**Instructions for the task:** The answer is a stretch of the material below, returned exactly: the line containing "#54=CARTESIAN_POINT('',(20.,24.575,2.5));", the line containing "#67=CARTESIAN_POINT('',(18.,22.075,0.));", and all lines between.

═════ Dataset entries ═════

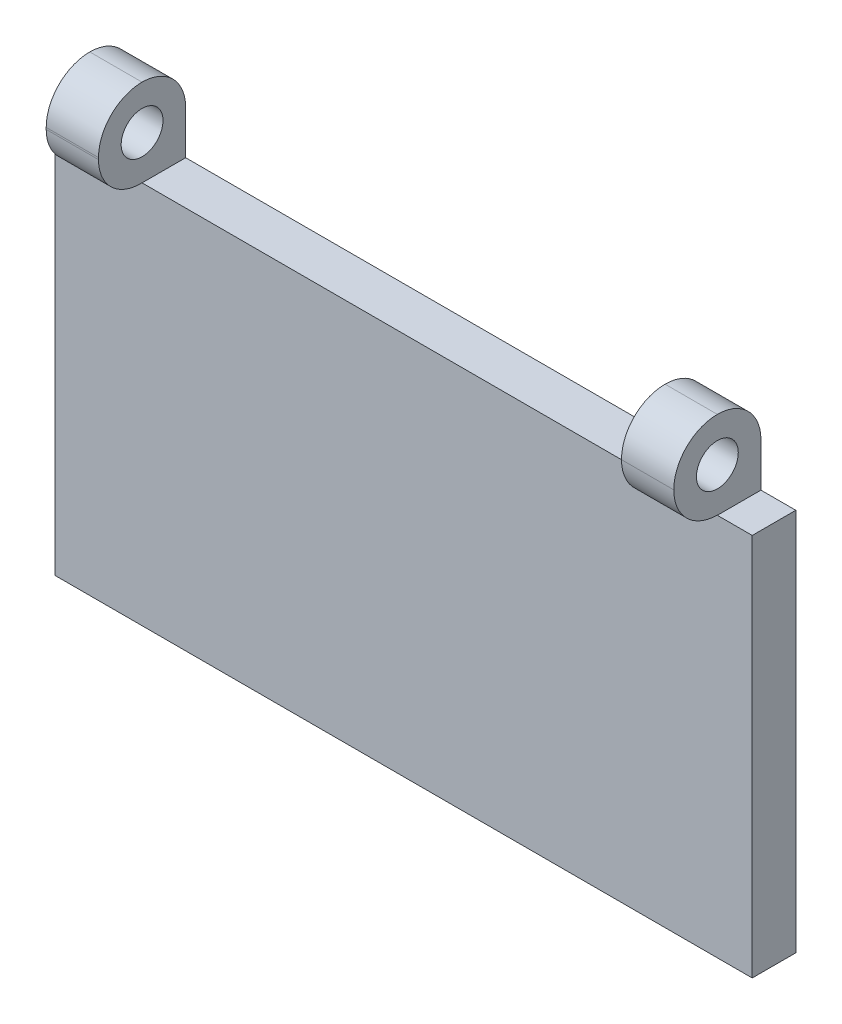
ISO-10303-21;
HEADER;
FILE_DESCRIPTION(('STEP AP214'),'2;1');
FILE_NAME('part.step','',(''),(''),'','','');
FILE_SCHEMA(('AUTOMOTIVE_DESIGN { 1 0 10303 214 1 1 1 1 }'));
ENDSEC;
DATA;
#1=APPLICATION_CONTEXT('core data for automotive mechanical design processes');
#2=APPLICATION_PROTOCOL_DEFINITION('international standard','automotive_design',2000,#1);
#3=PRODUCT_CONTEXT('',#1,'mechanical');
#4=PRODUCT('Part','Part','',(#3));
#5=PRODUCT_RELATED_PRODUCT_CATEGORY('part','',(#4));
#6=PRODUCT_DEFINITION_FORMATION('','',#4);
#7=PRODUCT_DEFINITION_CONTEXT('part definition',#1,'design');
#8=PRODUCT_DEFINITION('design','',#6,#7);
#9=PRODUCT_DEFINITION_SHAPE('','',#8);
#10=(LENGTH_UNIT() NAMED_UNIT(*) SI_UNIT(.MILLI.,.METRE.));
#11=(NAMED_UNIT(*) PLANE_ANGLE_UNIT() SI_UNIT($,.RADIAN.));
#12=(NAMED_UNIT(*) SI_UNIT($,.STERADIAN.) SOLID_ANGLE_UNIT());
#13=UNCERTAINTY_MEASURE_WITH_UNIT(LENGTH_MEASURE(1.E-05),#10,'distance_accuracy_value','');
#14=(GEOMETRIC_REPRESENTATION_CONTEXT(3) GLOBAL_UNCERTAINTY_ASSIGNED_CONTEXT((#13)) GLOBAL_UNIT_ASSIGNED_CONTEXT((#10,
#11,#12)) REPRESENTATION_CONTEXT('',''));
#15=CARTESIAN_POINT('',(0.,0.,0.));
#16=DIRECTION('',(0.,0.,1.));
#17=DIRECTION('',(1.,0.,0.));
#18=AXIS2_PLACEMENT_3D('',#15,#16,#17);
#19=CARTESIAN_POINT('',(18.,22.075,2.5));
#20=DIRECTION('',(-1.,0.,0.));
#21=DIRECTION('',(0.,0.,1.));
#22=AXIS2_PLACEMENT_3D('',#19,#20,#21);
#23=CYLINDRICAL_SURFACE('',#22,1.2);
#24=CARTESIAN_POINT('',(15.,22.075,2.5));
#25=DIRECTION('',(1.,0.,0.));
#26=DIRECTION('',(0.,0.,-1.));
#27=AXIS2_PLACEMENT_3D('',#24,#25,#26);
#28=CIRCLE('',#27,1.2);
#29=CARTESIAN_POINT('',(15.,22.075,1.3));
#30=VERTEX_POINT('',#29);
#31=EDGE_CURVE('E191',#30,#30,#28,.F.);
#32=ORIENTED_EDGE('',*,*,#31,.T.);
#33=EDGE_LOOP('',(#32));
#34=FACE_BOUND('',#33,.T.);
#35=CARTESIAN_POINT('',(18.,22.075,2.5));
#36=DIRECTION('',(1.,0.,0.));
#37=DIRECTION('',(0.,0.,-1.));
#38=AXIS2_PLACEMENT_3D('',#35,#36,#37);
#39=CIRCLE('',#38,1.2);
#40=CARTESIAN_POINT('',(18.,22.075,1.3));
#41=VERTEX_POINT('',#40);
#42=EDGE_CURVE('E301',#41,#41,#39,.F.);
#43=ORIENTED_EDGE('',*,*,#42,.F.);
#44=EDGE_LOOP('',(#43));
#45=FACE_BOUND('',#44,.T.);
#46=ADVANCED_FACE('F36',(#34,#45),#23,.F.);
#47=CARTESIAN_POINT('',(20.,22.075,2.5));
#48=DIRECTION('',(-1.,0.,0.));
#49=DIRECTION('',(0.,-1.,0.));
#50=AXIS2_PLACEMENT_3D('',#47,#48,#49);
#51=CYLINDRICAL_SURFACE('',#50,2.5);
#52=DIRECTION('',(-1.,0.,0.));
#53=VECTOR('',#52,1.);
#54=CARTESIAN_POINT('',(20.,24.575,2.5));
#55=LINE('',#54,#53);
#56=CARTESIAN_POINT('',(18.,24.575,2.5));
#57=VERTEX_POINT('',#56);
#58=CARTESIAN_POINT('',(15.,24.575,2.5));
#59=VERTEX_POINT('',#58);
#60=EDGE_CURVE('E228',#57,#59,#55,.T.);
#61=ORIENTED_EDGE('',*,*,#60,.F.);
#62=CARTESIAN_POINT('',(18.,22.075,2.5));
#63=DIRECTION('',(1.,0.,0.));
#64=DIRECTION('',(0.,0.,-1.));
#65=AXIS2_PLACEMENT_3D('',#62,#63,#64);
#66=CIRCLE('',#65,2.5);
#67=CARTESIAN_POINT('',(18.,22.075,0.));
#68=VERTEX_POINT('',#67);
#69=EDGE_CURVE('E312',#57,#68,#66,.F.);
#70=ORIENTED_EDGE('',*,*,#69,.T.);
#71=DIRECTION('',(-1.,0.,0.));
#72=VECTOR('',#71,1.);
#73=CARTESIAN_POINT('',(0.,22.075,0.));
#74=LINE('',#73,#72);
#75=CARTESIAN_POINT('',(15.,22.075,0.));
#76=VERTEX_POINT('',#75);
#77=EDGE_CURVE('E220',#76,#68,#74,.F.);
#78=ORIENTED_EDGE('',*,*,#77,.F.);
#79=CARTESIAN_POINT('',(15.,22.075,2.5));
#80=DIRECTION('',(1.,0.,0.));
#81=DIRECTION('',(0.,0.,-1.));
#82=AXIS2_PLACEMENT_3D('',#79,#80,#81);
#83=CIRCLE('',#82,2.5);
#84=EDGE_CURVE('E268',#59,#76,#83,.F.);
#85=ORIENTED_EDGE('',*,*,#84,.F.);
#86=EDGE_LOOP('',(#61,#70,#78,#85));
#87=FACE_BOUND('',#86,.T.);
#88=ADVANCED_FACE('F38',(#87),#51,.T.);
#89=CARTESIAN_POINT('',(20.,22.075,2.5));
#90=DIRECTION('',(-1.,0.,0.));
#91=DIRECTION('',(0.,-1.,0.));
#92=AXIS2_PLACEMENT_3D('',#89,#90,#91);
#93=CYLINDRICAL_SURFACE('',#92,2.5);
#94=DIRECTION('',(-1.,0.,0.));
#95=VECTOR('',#94,1.);
#96=CARTESIAN_POINT('',(20.,22.075,5.));
#97=LINE('',#96,#95);
#98=CARTESIAN_POINT('',(18.,22.075,5.));
#99=VERTEX_POINT('',#98);
#100=CARTESIAN_POINT('',(15.,22.075,5.));
#101=VERTEX_POINT('',#100);
#102=EDGE_CURVE('E229',#99,#101,#97,.T.);
#103=ORIENTED_EDGE('',*,*,#102,.F.);
#104=CARTESIAN_POINT('',(18.,22.075,2.5));
#105=DIRECTION('',(1.,0.,0.));
#106=DIRECTION('',(0.,0.,-1.));
#107=AXIS2_PLACEMENT_3D('',#104,#105,#106);
#108=CIRCLE('',#107,2.5);
#109=EDGE_CURVE('E315',#99,#57,#108,.F.);
#110=ORIENTED_EDGE('',*,*,#109,.T.);
#111=ORIENTED_EDGE('',*,*,#60,.T.);
#112=CARTESIAN_POINT('',(15.,22.075,2.5));
#113=DIRECTION('',(1.,0.,0.));
#114=DIRECTION('',(0.,0.,-1.));
#115=AXIS2_PLACEMENT_3D('',#112,#113,#114);
#116=CIRCLE('',#115,2.5);
#117=EDGE_CURVE('E197',#101,#59,#116,.F.);
#118=ORIENTED_EDGE('',*,*,#117,.F.);
#119=EDGE_LOOP('',(#103,#110,#111,#118));
#120=FACE_BOUND('',#119,.T.);
#121=ADVANCED_FACE('F423',(#120),#93,.T.);
#122=CARTESIAN_POINT('',(20.,22.075,2.5));
#123=DIRECTION('',(-1.,0.,0.));
#124=DIRECTION('',(0.,-1.,0.));
#125=AXIS2_PLACEMENT_3D('',#122,#123,#124);
#126=CYLINDRICAL_SURFACE('',#125,2.5);
#127=DIRECTION('',(-1.,0.,0.));
#128=VECTOR('',#127,1.);
#129=CARTESIAN_POINT('',(20.,19.575,2.5));
#130=LINE('',#129,#128);
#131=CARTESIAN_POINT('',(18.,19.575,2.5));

═════

**Response to the exercise:**
#54=CARTESIAN_POINT('',(20.,24.575,2.5));
#55=LINE('',#54,#53);
#56=CARTESIAN_POINT('',(18.,24.575,2.5));
#57=VERTEX_POINT('',#56);
#58=CARTESIAN_POINT('',(15.,24.575,2.5));
#59=VERTEX_POINT('',#58);
#60=EDGE_CURVE('E228',#57,#59,#55,.T.);
#61=ORIENTED_EDGE('',*,*,#60,.F.);
#62=CARTESIAN_POINT('',(18.,22.075,2.5));
#63=DIRECTION('',(1.,0.,0.));
#64=DIRECTION('',(0.,0.,-1.));
#65=AXIS2_PLACEMENT_3D('',#62,#63,#64);
#66=CIRCLE('',#65,2.5);
#67=CARTESIAN_POINT('',(18.,22.075,0.));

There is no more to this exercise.